[Extracted records]

====================

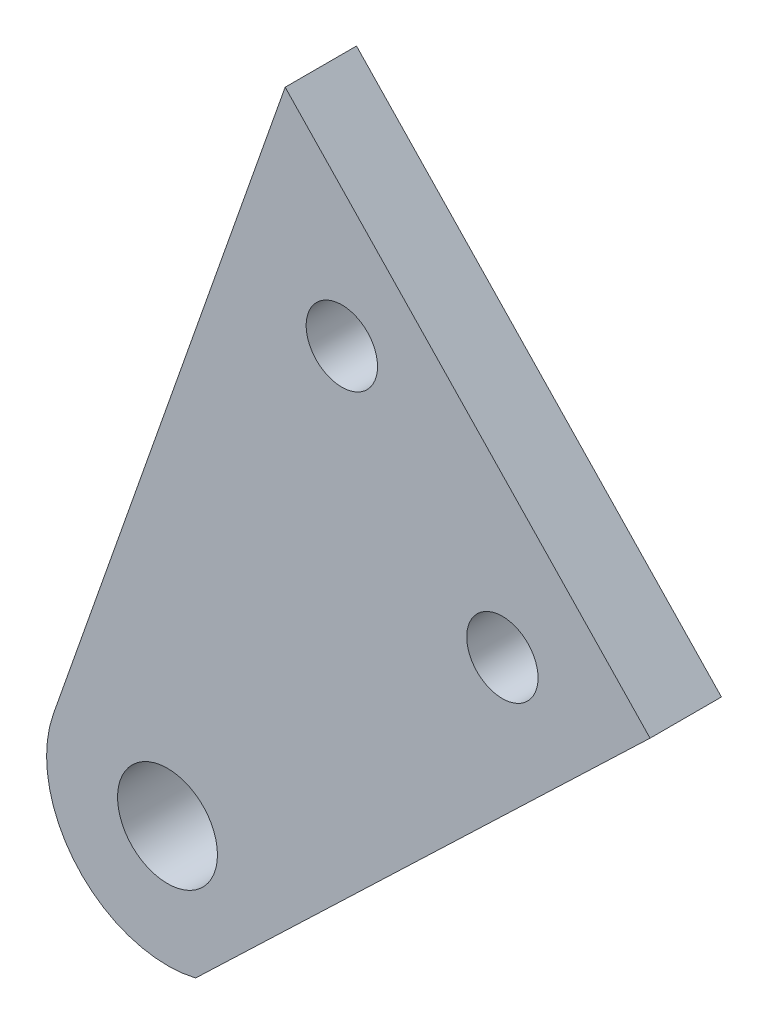
SolidWorks part; units mm, degrees
ref_plane "Front Plane" through (0, 0, 0) normal (0, 0, 1) x (1, 0, 0)
ref_plane "Top Plane" through (0, 0, 0) normal (0, 1, 0) x (1, 0, 0)
ref_plane "Right Plane" through (0, 0, 0) normal (1, 0, 0) x (0, 0, -1)
sketch "Sketch1" plane through (0, 0, 0) normal (0, 0, 1) x (1, 0, 0)
  line L0 (-23.8468, 12.3156) -> (-25.791, 1.5884)
  line L1 (-18.5875, -2.4087) -> (-9.5549, 5.7877)
  line L2 (-23.8468, 12.3156) -> (-22.0455, 21.7722)
  line L3 (-21.4374, 24.9647) -> (-6.0923, 8.9297)
  line L4 (-6.0923, 8.9297) -> (-9.5549, 5.7877)
  line L5 (-21.4374, 24.9647) -> (-22.0455, 21.7722)
  arc A0 (-25.791, 1.5884) -> (-18.5875, -2.4087) centre (-21.5107, 0.8127) ccw
  circle A1 centre (-19.054, 16.7309) radius 1.5
  circle A2 centre (-12.3033, 8.7654) radius 1.5
extrude "Boss-Extrude1" add sketch "Sketch1" along normal blind 3
sketch "Sketch3" plane through (0, 0, 3) normal (0, 0, 1) x (1, 0, 0)
  circle A0 centre (-21.5127, 0.8097) radius 2.1
  dimension "D3" = 4.2
extrude "Cut-Extrude1" cut sketch "Sketch3" against normal blind 5
sketch "Sketch4" plane through (0, 0, 3) normal (0, 0, 1) x (1, 0, 0)
  line L0 (-21.4374, 24.9647) -> (-6.0923, 8.9297)
  line L1 (-6.0923, 8.9297) -> (-25.2038, -9.3595)
  line L2 (-21.4374, 24.9647) -> (-31.1816, -2.7256)
  arc A0 (-31.1816, -2.7256) -> (-25.2038, -9.3595) centre (-26.3849, -4.4135) ccw
  circle A1 centre (-26.3849, -4.4135) radius 2.1
  circle A2 centre (-12.3033, 8.7654) radius 1.5
  circle A3 centre (-19.054, 16.7309) radius 1.5
  dimension "D1" = 4.2
extrude "Boss-Extrude2" add sketch "Sketch4" against normal blind 3
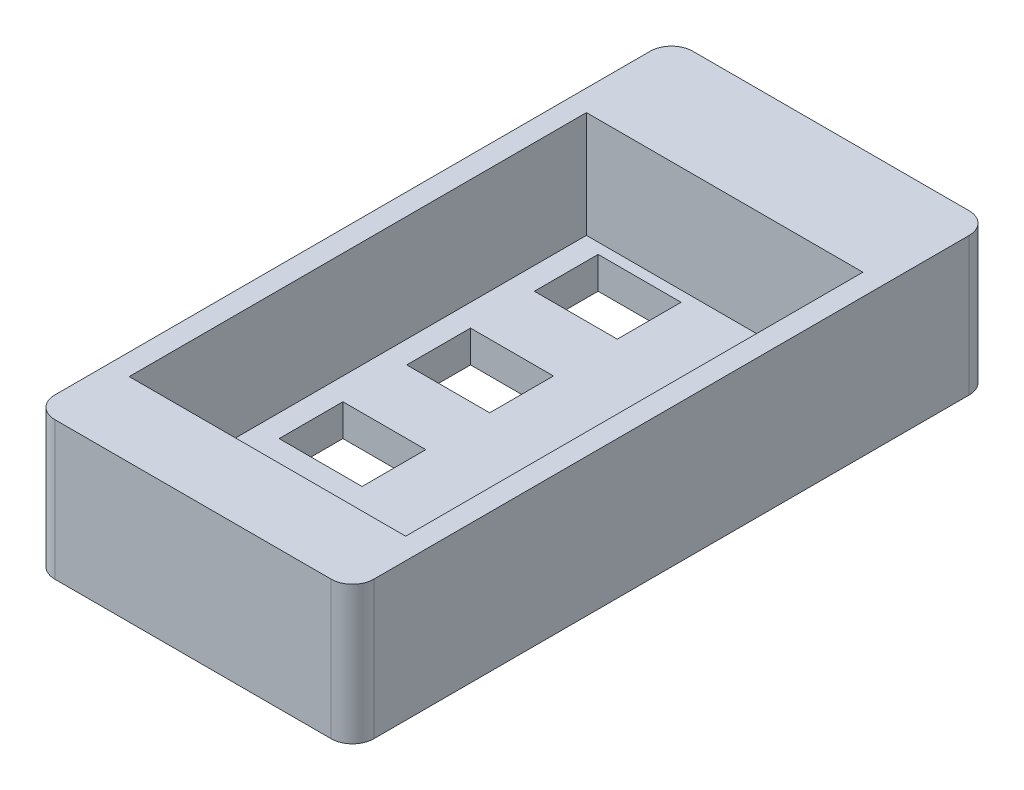
SolidWorks part; units mm, degrees
ref_plane "Front Plane" through (0, 0, 0) normal (0, 0, 1) x (1, 0, 0)
ref_plane "Top Plane" through (0, 0, 0) normal (0, 1, 0) x (1, 0, 0)
ref_plane "Right Plane" through (0, 0, 0) normal (1, 0, 0) x (0, 0, -1)
sketch "Sketch1" plane through (0, 0, 0) normal (0, 1, 0) x (1, 0, 0)
  line L1 (-15, 30) -> (15, 30)
  line L2 (-15, 30) -> (-15, -30)
  line L3 (-15, -30) -> (15, -30)
  line L4 (15, 30) -> (15, -30)
  line L5 (-15, 30) -> (15, -30) construction
  line L6 (-15, -30) -> (15, 30) construction
  point P0 (0, 0)
  dimension "D1" = 30
  dimension "D2" = 60
extrude "Boss-Extrude1" add sketch "Sketch1" along normal blind 3
sketch "Sketch2" plane through (0, 3, 0) normal (0, 1, 0) x (1, 0, 0)
  line L0 (0, 30) -> (0, -30) construction
  line L1 (15, 30) -> (-15, 30) construction
  line L2 (-15, -30) -> (15, -30) construction
  line L3 (-7, 30) -> (-7, -30) construction
  line L4 (-6.4, -16) -> (6.4, -16)
  line L5 (-6.4, -16) -> (-6.4, -22)
  line L6 (-6.4, -22) -> (6.4, -22)
  line L7 (6.4, -16) -> (6.4, -22)
  line L8 (-6.4, -16) -> (6.4, -22) construction
  line L9 (-6.4, -22) -> (6.4, -16) construction
  line L10 (-10.9, 7) -> (-10.9, 1)
  line L11 (-10.9, -5) -> (-3.1, -5)
  line L12 (-10.9, -5) -> (-10.9, -11)
  line L13 (-10.9, -11) -> (-3.1, -11)
  line L14 (-3.1, -5) -> (-3.1, -11)
  line L15 (-10.9, -5) -> (-3.1, -11) construction
  line L16 (-10.9, -11) -> (-3.1, -5) construction
  line L17 (-10.9, 7) -> (-3.1, 7)
  line L18 (-3.1, 7) -> (-3.1, 1)
  line L19 (-10.9, 1) -> (-3.1, 1)
  line L20 (-10.9, 19) -> (-10.9, 13)
  line L21 (-10.9, 19) -> (-3.1, 19)
  line L22 (-3.1, 19) -> (-3.1, 13)
  line L23 (-10.9, 13) -> (-3.1, 13)
  line L24 (10.9, -11) -> (3.1, -11)
  line L25 (3.1, -5) -> (3.1, -11)
  line L26 (10.9, -5) -> (3.1, -5)
  line L27 (10.9, -5) -> (10.9, -11)
  line L28 (10.9, 7) -> (3.1, 7)
  line L29 (3.1, 7) -> (3.1, 1)
  line L30 (10.9, 1) -> (3.1, 1)
  line L31 (10.9, 7) -> (10.9, 1)
  line L32 (10.9, 19) -> (3.1, 19)
  line L33 (3.1, 19) -> (3.1, 13)
  line L34 (10.9, 13) -> (3.1, 13)
  line L35 (10.9, 19) -> (10.9, 13)
  point P6 (0, -19)
  point P13 (-7, -8)
  dimension "D1" = 12.8
  dimension "D2" = 6
  dimension "D3" = 8
  dimension "D4" = 7
  dimension "D5" = 6
  dimension "D6" = 7.8
  dimension "D7" = 5
  dimension "D8" = 3
extrude "Cut-Extrude1" cut sketch "Sketch2" against normal blind 3
sketch "Sketch4" plane through (0, 3, 0) normal (0, 1, 0) x (1, 0, 0)
  line L14 (-13, -28) -> (13, -28)
  line L15 (13, -28) -> (13, 28)
  line L16 (13, 28) -> (-13, 28)
  line L17 (-13, 28) -> (-13, -28)
  line L18 (-13, -28) -> (13, -28)
  line L19 (13, -28) -> (13, 28)
  line L20 (13, 28) -> (-13, 28)
  line L21 (-13, 28) -> (-13, -28)
  line L22 (15, -30) -> (15, 30)
  line L23 (15, 30) -> (-15, 30)
  line L24 (-15, 30) -> (-15, -30)
  line L25 (-15, -30) -> (15, -30)
  line L26 (15, -30) -> (15, 30)
  line L27 (15, 30) -> (-15, 30)
  line L28 (-15, 30) -> (-15, -30)
  line L29 (-15, -30) -> (15, -30)
  dimension "D1" = 2
  dimension "D2" = 0
extrude "Boss-Extrude2" add sketch "Sketch4" along normal blind 10
sketch "Sketch5" plane through (0, 3, 0) normal (0, 1, 0) x (1, 0, 0)
  line L0 (-13, 20) -> (13, 20)
  line L1 (-13, 28) -> (-13, -28) construction
  line L2 (13, -28) -> (13, 28) construction
  line L3 (-13, -23) -> (13, -23)
  line L4 (-13, 28) -> (-13, -28) construction
  line L5 (13, -28) -> (13, 28) construction
  line L6 (13, -23) -> (13, -28)
  line L7 (13, -28) -> (-13, -28)
  line L8 (-13, -28) -> (-13, -23)
  line L9 (-13, 20) -> (-13, 28)
  line L10 (-13, 28) -> (13, 28)
  line L11 (13, 28) -> (13, 20)
  dimension "D1" = 8
  dimension "D2" = 5
extrude "Boss-Extrude3" add sketch "Sketch5" along normal blind 10
fillet "Fillet1" radius 2 4 edges at (-15, 6.5, 30) (15, 6.5, 30) (15, 6.5, -30) (-15, 6.5, -30)
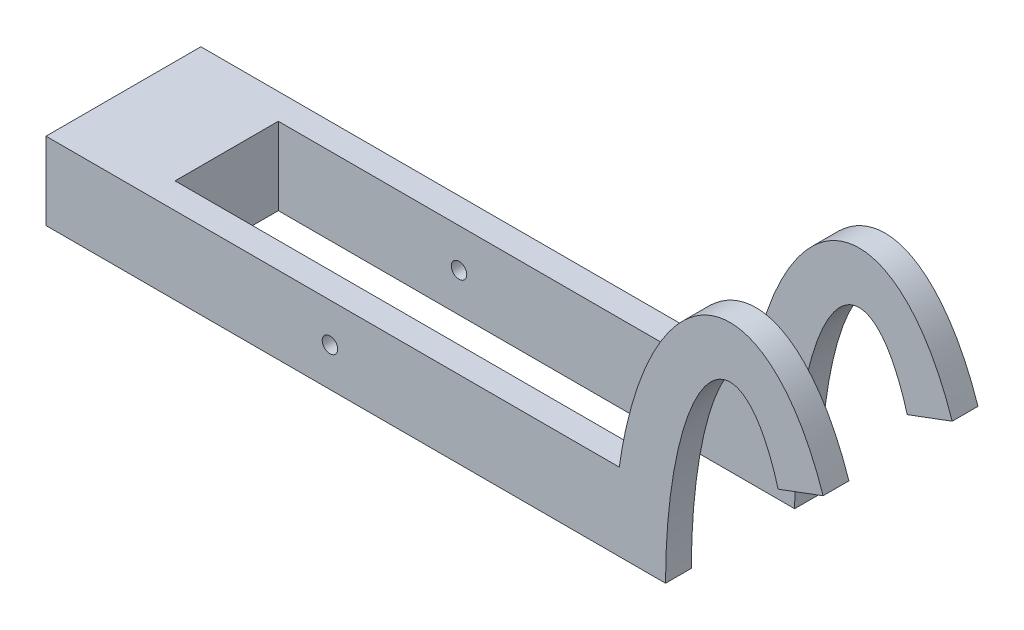
SolidWorks part; units mm, degrees
ref_plane "Front Plane" through (0, 0, 0) normal (0, 0, 1) x (1, 0, 0)
ref_plane "Top Plane" through (0, 0, 0) normal (0, 1, 0) x (1, 0, 0)
ref_plane "Right Plane" through (0, 0, 0) normal (1, 0, 0) x (0, 0, -1)
sketch "Sketch1" plane through (0, 0, 0) normal (0, 0, 1) x (1, 0, 0)
  line L0 (0, 0) -> (0, 19.05)
  line L1 (0, 19.05) -> (141.0162, 19.05)
  line L2 (0, 0) -> (152.4, 0)
  line L3 (180.0982, 33.9) -> (191.1615, 38.0214)
  ellipse E0 centre (168.275, 0) end of major axis (168.275, 50.8) minor radius 15.875 (180.0982, 33.9) -> (152.4, 0) ccw
  ellipse E1 centre (168.275, 0) end of major axis (168.275, 63.5) minor radius 28.575 (191.1615, 38.0214) -> (141.0162, 19.05) ccw
  dimension "D3" = 12.7
  dimension "D4" = 12.7
  dimension "D1" = 152.4
  dimension "D2" = 19.05
  dimension "D5" = 50.8
  dimension "D6" = 31.75
extrude "Boss-Extrude1" add sketch "Sketch1" along normal blind 38.1
sketch "Sketch2" plane through (0, 0, 0) normal (0, -1, 0) x (1, 0, 0)
  line L1 (25.4, 31.75) -> (285.7126, 31.75)
  line L2 (25.4, 31.75) -> (25.4, 6.35)
  line L3 (25.4, 6.35) -> (285.7126, 6.35)
  line L4 (285.7126, 31.75) -> (285.7126, 6.35)
  line L5 (25.4, 19.05) -> (285.7126, 19.05) construction
  line L7 (0, 38.1) -> (0, 0) construction
  point P8 (0, 19.05)
  dimension "D1" = 25.4
  dimension "D2" = 25.4
extrude "Cut-Extrude1" cut sketch "Sketch2" against normal through all
sketch "Sketch3" plane through (0, 0, 38.1) normal (0, 0, 1) x (1, 0, 0)
  line L0 (0, 0) -> (152.4, 0) construction
  line L1 (0, 19.05) -> (0, 0) construction
  circle A0 centre (69.85, 9.525) radius 1.905
  dimension "D1" = 3.81
  dimension "D2" = 9.525
  dimension "D3" = 69.85
extrude "Cut-Extrude2" cut sketch "Sketch3" against normal through all
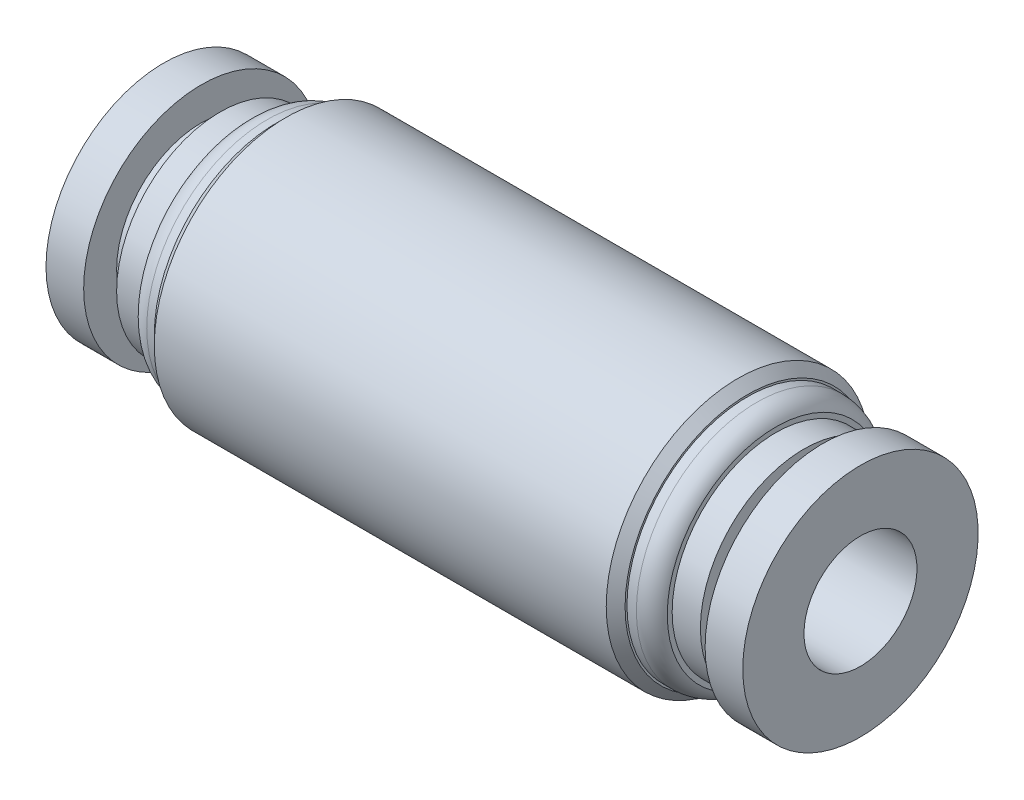
SolidWorks part; units mm, degrees
ref_plane "前视基准面" through (0, 0, 0) normal (0, 0, 1) x (1, 0, 0)
ref_plane "上视基准面" through (0, 0, 0) normal (0, 1, 0) x (1, 0, 0)
ref_plane "右视基准面" through (0, 0, 0) normal (1, 0, 0) x (0, 0, -1)
sketch "草图1" plane through (0, 0, 0) normal (0, 1, 0) x (1, 0, 0)
  line L0 (-37.3772, 0) -> (37.3772, 0) construction
  line L1 (0, 19.5482) -> (0, -19.5482) construction
  line L2 (-12.5, 7) -> (12.5, 7)
  line L3 (12.5, 7) -> (12.5, 6.4)
  line L4 (12.5, 6.4) -> (13, 6.4)
  line L5 (15.5, 5.5) -> (15.5, 4.5)
  line L6 (15.5, 4.5) -> (16.5, 4.5)
  line L7 (16.5, 4.5) -> (16.5, 6.25)
  line L8 (16.5, 6.25) -> (18.5, 6.25)
  line L9 (18.5, 6.25) -> (18.5, 3)
  line L10 (14, 5.7583) -> (14, 5.5)
  line L11 (14, 5.5) -> (15.5, 5.5)
  line L12 (-14, 5.5) -> (-15.5, 5.5)
  line L13 (-14, 5.7583) -> (-14, 5.5)
  line L14 (-18.5, 6.25) -> (-18.5, 3)
  line L15 (-16.5, 6.25) -> (-18.5, 6.25)
  line L16 (-16.5, 4.5) -> (-16.5, 6.25)
  line L17 (-15.5, 4.5) -> (-16.5, 4.5)
  line L18 (18.5, 3) -> (-18.5, 3)
  line L19 (-15.5, 5.5) -> (-15.5, 4.5)
  line L20 (-12.5, 6.4) -> (-13, 6.4)
  line L21 (-12.5, 7) -> (-12.5, 6.4)
  arc A0 (13, 6.4) -> (14, 5.7583) centre (13, 5.3) cw
  arc A1 (-13, 6.4) -> (-14, 5.7583) centre (-13, 5.3) ccw
  point P4 (0, 0)
  point P7 (0, 0)
  point P18 (0, 0)
  point P25 (0, 8)
  point P26 (0, 3)
  point P28 (0, 3)
  point P36 (0, 7)
  dimension "D4" = 1.5
  dimension "D12" = 1.1
  dimension "D1" = 14
  dimension "D2" = 25
  dimension "D3" = 1
  dimension "D5" = 2
  dimension "D6" = 12.5
  dimension "D7" = 1.5
  dimension "D8" = 1.5
  dimension "D9" = 6
  dimension "D10" = 0.5
  dimension "D11" = 0.6
  dimension "D13" = 1
  dimension "D14" = 37
revolve "旋转1" add sketch "草图1" angle 360 about L0
chamfer "倒角1" distance 0.5 angle 45 2 edges at (12.5, 0, 7) (-12.5, 0, 7)
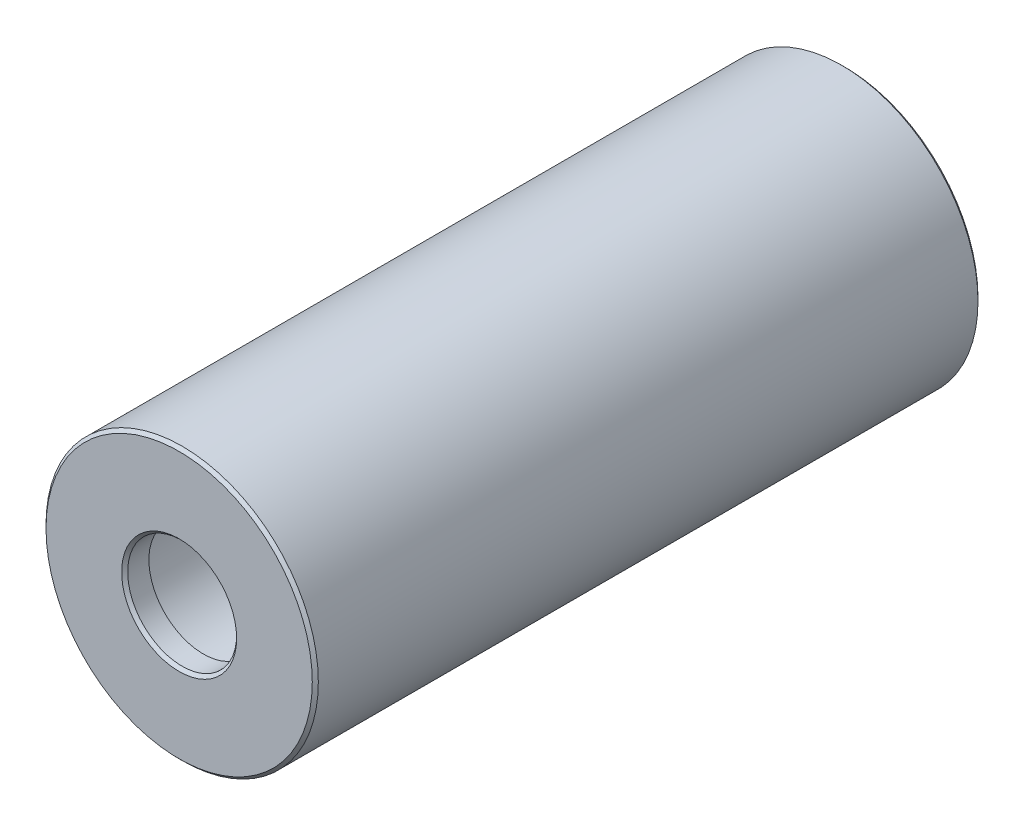
SolidWorks part; units mm, degrees
material "1060 Alloy"
ref_plane "Front Plane" through (0, 0, 0) normal (0, 0, 1) x (1, 0, 0)
ref_plane "Top Plane" through (0, 0, 0) normal (0, 1, 0) x (1, 0, 0)
ref_plane "Right Plane" through (0, 0, 0) normal (1, 0, 0) x (0, 0, -1)
sketch "Sketch1" plane through (0, 0, 0) normal (1, 0, 0) x (0, 0, -1)
  line L0 (0, 0) -> (110, 0) construction
  line L1 (0, 9.5) -> (0, 22.5)
  line L2 (0, 22.5) -> (110, 22.5)
  line L3 (110, 22.5) -> (110, 17.5)
  line L4 (109.5, 17) -> (64, 17)
  line L5 (64, 17) -> (64, 12.5)
  line L6 (63.5, 12) -> (4, 12)
  line L7 (4, 12) -> (4, 9)
  line L8 (4, 9) -> (0.5, 9)
  line L9 (110, 17.5) -> (109.5, 17)
  line L10 (64, 12.5) -> (63.5, 12)
  line L11 (0.5, 9) -> (0, 9.5)
  point P3 (0, 9)
  point P6 (110, 17)
  point P8 (64, 12)
  dimension "D1" = 110
  dimension "D2" = 45
  dimension "D3" = 34
  dimension "D4" = 24
  dimension "D5" = 18
  dimension "D6" = 4
  dimension "D7" = 60
  dimension "D8" = 46
  dimension "D9" = 0.5
  dimension "D10" = 45
  dimension "D11" = 0.5
  dimension "D12" = 45
  dimension "D13" = 0.5
  dimension "D14" = 45
revolve "Revolve1" add sketch "Sketch1" angle 360 about L0
chamfer "Chamfer1" distance 0.5 angle 45 2 edges at (22.5, 0, 0) (22.5, 0, -110)

====================

Only lines containing the word "circle" should appear in the answer, and every such line from the records above must be there.

(Answer box)
  circle A1 centre (-19.054, 16.7309) radius 1.5
  circle A2 centre (-12.3033, 8.7654) radius 1.5
  circle A0 centre (-21.5127, 0.8097) radius 2.1
  circle A1 centre (-26.3849, -4.4135) radius 2.1
  circle A2 centre (-12.3033, 8.7654) radius 1.5
  circle A3 centre (-19.054, 16.7309) radius 1.5
  circle A0 centre (69.85, 9.525) radius 1.905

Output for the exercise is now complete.